Let's examine some of these possibilities. The dumping of toxic substances into the rivers by factories in places, such as China, poisons your dinner. These toxins flow from the rivers, to the oceans, and then make their way into the food supply, such as the fish you eat. When you eat the fish laced with mercury, it harms your health.

Another way your health can be harmed by events from across the world was brought to light by more than one catastrophe, including the Chernobyl and Fukushima nuclear disasters. More so in the case of the former than the latter, radioactive material spread across the world. It has been shown that this radioactive material led to everything from birth defects to increases in the rates of cancer.

But toxins and radiation are sometimes the least of your concerns. Dangerous viruses arising more commonly out of Asia and the Middle East can easily spread from country to country when sick people board an airplane and fly on vacation or business.

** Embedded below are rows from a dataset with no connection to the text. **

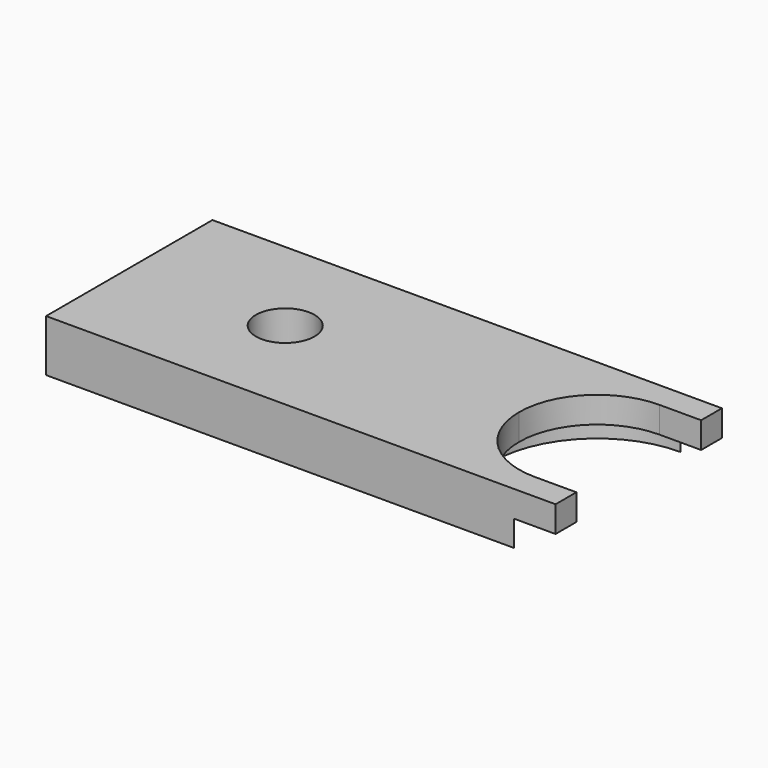
from build123d import *

# Parameters (mm, degrees)
F1_DEPTH = 6.35
F2_W     = 2.54
F2_H     = 9.525
F3_DEPTH = 3.176
F4_W     = 2.54
F4_H     = 1.5875
F4_H_2   = 9.525
F5_DEPTH = 1.5748
F7_D     = 3.5814


with BuildPart() as f1:
    # F0 (on Front) → F1 (new body, symmetric)
    with BuildSketch(Plane.XZ):
        Polygon((0, 3.175), (0, 0), (31.115, 0), (31.115, 1.5875), (31.115, 3.175), align=None)
    extrude(amount=F1_DEPTH, both=True)

    # F2 (on face) → F3 (cut, through all)
    with BuildSketch(Plane.XY.offset(3.175)):
        with BuildLine():
            Line((28.575, -4.7625), (28.575, 4.7625))
            ThreePointArc((28.575, 4.7625), (25.2074039664, 3.3675960572), (23.8125, 3.35e-08))
            ThreePointArc((23.8125, 3.35e-08), (25.2074039428, -3.3675960336), (28.575, -4.7625))
        make_face()
        with Locations((29.845, 0)):
            Rectangle(F2_W, F2_H)
    extrude(amount=-F3_DEPTH, mode=Mode.SUBTRACT)

    # F4 (on face) → F5 (cut)
    with BuildSketch(Plane(origin=(0, 0, 0), x_dir=(1, 0, 0), z_dir=(0, 0, -1))):
        with Locations((29.845, 5.55625)):
            Rectangle(F4_W, F4_H)
        with Locations((29.845, 0)):
            Rectangle(F4_W, F4_H_2)
        with BuildLine():
            Line((28.575, 4.7625), (28.575, 6.35))
            ThreePointArc((28.575, 6.35), (24.0848719273, 4.4901280484), (22.225, -3.44e-08))
            ThreePointArc((22.225, -3.44e-08), (24.0848719516, -4.4901280727), (28.575, -6.35))
            Line((28.575, -6.35), (28.575, -4.7625))
            ThreePointArc((28.575, -4.7625), (23.8125, 0), (28.575, 4.7625))
        make_face()
        Polygon((31.115, -5.55625), (31.115, -4.7625), (28.575, -4.7625), (28.575, -6.35), (31.115, -6.35), align=None)
    extrude(amount=-F5_DEPTH, mode=Mode.SUBTRACT)

    # F7 (through all)
    with Locations(Plane.XY.offset(3.175)):
        with Locations((9.525, 0)):
            Hole(F7_D / 2)


solid = f1.part
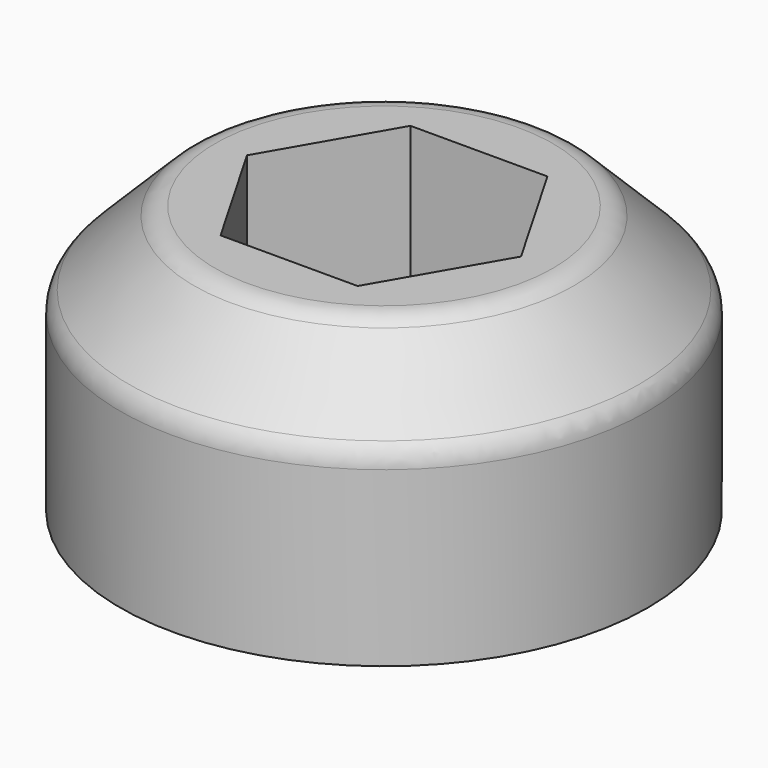
from build123d import *

# Parameters (mm, degrees)
F0_R     = 14.1859
F1_DEPTH = 14.4018
F2_SIZE  = 4.445
F3_R     = 1.5875


# Not quite as in the source:
# - a feature names something its author has since deleted; it is built from what else it names


with BuildPart() as f1:
    # F0 (on Top) → F1 (new body)
    with BuildSketch(Plane.XY):
        Circle(F0_R)
        Polygon((-7.366, 0), (-3.683, 6.3791431243), (3.683, 6.3791431243), (7.366, 0), (3.683, -6.3791431243), (-3.683, -6.3791431243), align=None, mode=Mode.SUBTRACT)
    extrude(amount=F1_DEPTH)

    # F2
    f2_edges = [f1.edges().sort_by_distance(p)[0] for p in [
        (-14.1859, 0, 14.4018),
    ]]
    chamfer(f2_edges, length=F2_SIZE)

    # F3
    f3_edges = [f1.edges().sort_by_distance(p)[0] for p in [
        (-9.7409, 0, 14.4018),
        (-14.1859, 0, 9.9568),
    ]]
    fillet(f3_edges, radius=F3_R)


solid = f1.part
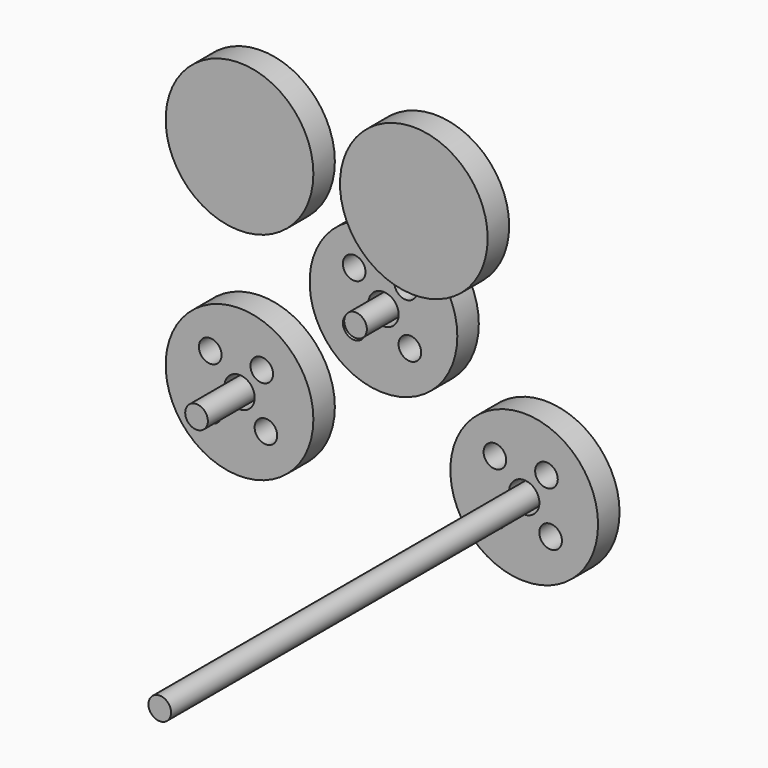
from build123d import *

# Parameters (mm, degrees)
F0_R     = 69.85
F0_R_2   = 10.7048166644
F0_R_3   = 14.3504130315
F2_DEPTH = 25.4
F3_DEPTH = 76.2
F5_DEPTH = 25.4
F9_DEPTH = 381


# Not quite as in the source:
# - the program builds the solid bodies; features that only make, move or delete a surface that nothing else refers to are left out


with BuildPart() as f2:
    # F0 (on Front) → F2 (new body)
    with BuildSketch(Plane.XZ):
        Circle(F0_R)
        with Locations((-27.7036573018, -24.0885839799)):
            Circle(F0_R_2, mode=Mode.SUBTRACT)
        with Locations((24.9833024934, -24.6799281766)):
            Circle(F0_R_2, mode=Mode.SUBTRACT)
        Circle(F0_R_3, mode=Mode.SUBTRACT)
        with Locations((-27.7036573018, 25.2788065644)):
            Circle(F0_R_2, mode=Mode.SUBTRACT)
        with Locations((21.0469203509, 25.2788065644)):
            Circle(F0_R_2, mode=Mode.SUBTRACT)
    extrude(amount=F2_DEPTH)


with BuildPart() as f3:
    # F0 (on Front) → F3 (new body)
    with BuildSketch(Plane.XZ):
        Circle(F0_R_2)
    extrude(amount=F3_DEPTH)


with BuildPart() as f5:
    # F0 (on Front) → F5 (new body)
    with BuildSketch(Plane.XZ):
        with Locations((0, 204.3686956167)):
            Circle(F0_R)
    extrude(amount=F5_DEPTH)


with BuildPart() as f6_1:
    # F6: copy of F2
    add(f2.part.moved(Location((269.24, 0, 0))))


with BuildPart() as f7_1:
    # F7: copy of F3
    add(f3.part.moved(Location((270.002, 0, 0))))

    # F9 (add): a face of the model
    f9_faces = [f7_1.faces().sort_by_distance(p)[0] for p in [
        (270.002, -76.2, 0),
    ]]
    extrude(f9_faces, amount=F9_DEPTH)


with BuildPart() as f8_1:
    # F8: copy of F5
    add(f5.part.moved(Location((164.846, 0, 0))))


with BuildPart() as f10_1:
    # F10: copy of F2
    add(f2.part.moved(Location((0, 170.18, 0))))


with BuildPart() as f11_1:
    # F11: copy of F3
    add(f3.part.moved(Location((0, 187.96, 0))))


solid = Compound([f2.part, f3.part, f5.part, f6_1.part, f7_1.part, f8_1.part, f10_1.part, f11_1.part])
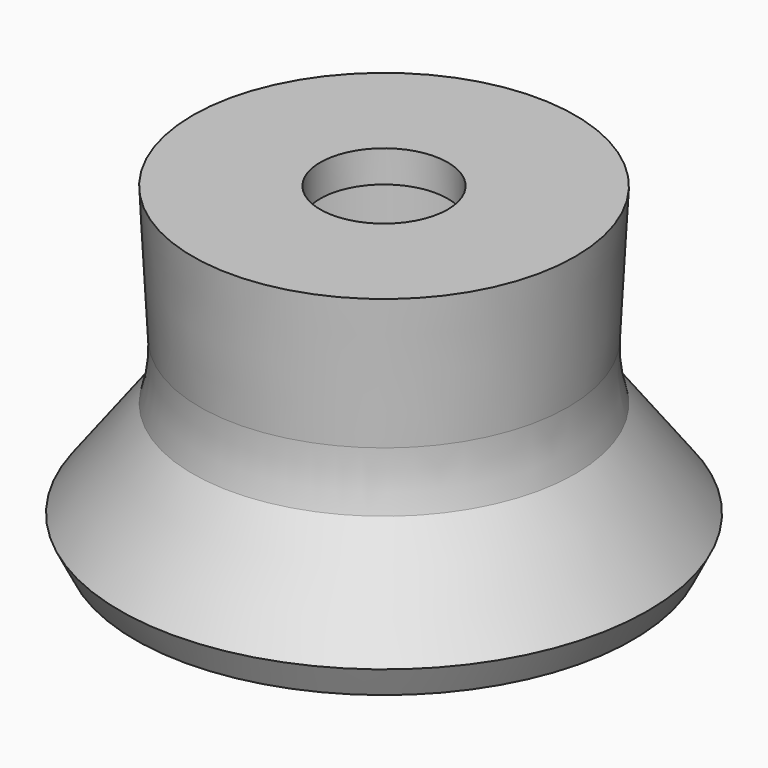
from build123d import *

# Parameters (mm, degrees)
F0_R     = 6
F1_DEPTH = 10
F4_R     = 3.75
F5_DEPTH = 9
F6_R     = 2
F7_DEPTH = 3.5
F11_SIZE = 1.2


# Not quite as in the source:
# - a fillet or chamfer that OpenCascade refuses, or shapes differently, is made with other operations: its cross-section is extruded or revolved along the edge and cut away or added


with BuildPart() as f1:
    # F0 (on Top) → F1 (new body)
    with BuildSketch(Plane.XY):
        Circle(F0_R)
    extrude(amount=F1_DEPTH)

    # F2 (on Right) → F3 (revolve)
    with BuildSketch(Plane.YZ):
        Polygon((9, 0), (6, 4), (6, 0), align=None)
    revolve(axis=Axis((0, 0, 0), (0, 0, 1)))

    # F4 (on face) → F5 (cut)
    with BuildSketch(Plane(origin=(0, 0, 0), x_dir=(1, 0, 0), z_dir=(0, 0, -1))):
        Circle(F4_R)
    extrude(amount=-F5_DEPTH, mode=Mode.SUBTRACT)

    # F6 (on face) → F7 (cut)
    with BuildSketch(Plane(origin=(0, 0, 9), x_dir=(1, 0, 0), z_dir=(0, 0, -1))):
        Circle(F6_R)
    extrude(amount=-F7_DEPTH, mode=Mode.SUBTRACT)

    # F8 (on Front) → F9 (revolve, cut)
    with BuildSketch(Plane.XZ):
        Polygon((6, 4), (6, 10), (5.6855533243, 4), align=None)
    revolve(axis=Axis((0, 0, 10), (0, 0, 1)), mode=Mode.SUBTRACT)

    # F10: fillet of radius 5.08 on 1 edges, made by hand

    # F10_s1 → F10_t2 (revolve)
    with BuildSketch(Plane.XZ):
        with BuildLine():
            ThreePointArc((6, 4), (5.8107107389, 4.8763729429), (5.7784395282, 5.7723743538))
            Line((5.7784395282, 5.7723743538), (5.6769787675, 5.7776916869))
            Line((5.6769787675, 5.7776916869), (5.5840925636, 4.0053173332))
            Line((5.5840925636, 4.0053173332), (5.6855533243, 3.8984))
            ThreePointArc((5.6855533243, 3.8984), (5.8427766622, 3.8984), (5.9029704487, 3.9698698461))
            Line((5.9029704487, 3.9698698461), (6, 4))
        make_face()
    revolve(axis=Axis((0, 0, 4), (0, 0, 1)))

    # F11
    f11_edges = [f1.edges().sort_by_distance(p)[0] for p in [
        (0, -9, 0),
    ]]
    chamfer(f11_edges, length=F11_SIZE)


solid = f1.part

It's no longer an isolated world, and a disaster or problem in one country impacts the health of countless others around the world.

Demographics and Health

These countless others can be placed into specific groups for statistical purposes to examine the trends of health within a subset of a population. The characteristics of a population we can use include everything from age to ethnic background, as I mentioned in the introduction. Let's see how these groups and the statistical data gathered about them helps us understand health-related trends.

As an example to start off with, we can group people by income. We typically find that people of a lower income are unable to take care of their health as well as those with a higher income and thus suffer from more health-related problems and tend to live less as long on average.

People who have a family history of a certain disease are usually more likely to develop the disease. For example, type 1 diabetes mellitus, a condition that causes elevated levels of blood sugar, is more likely to affect you if it also affects your parent or sibling. Certain cancers, such as breast cancer, follow these types of trends as well. That is why proper monitoring for the development of any disease that may be more likely to occur because of your family history is important to your health.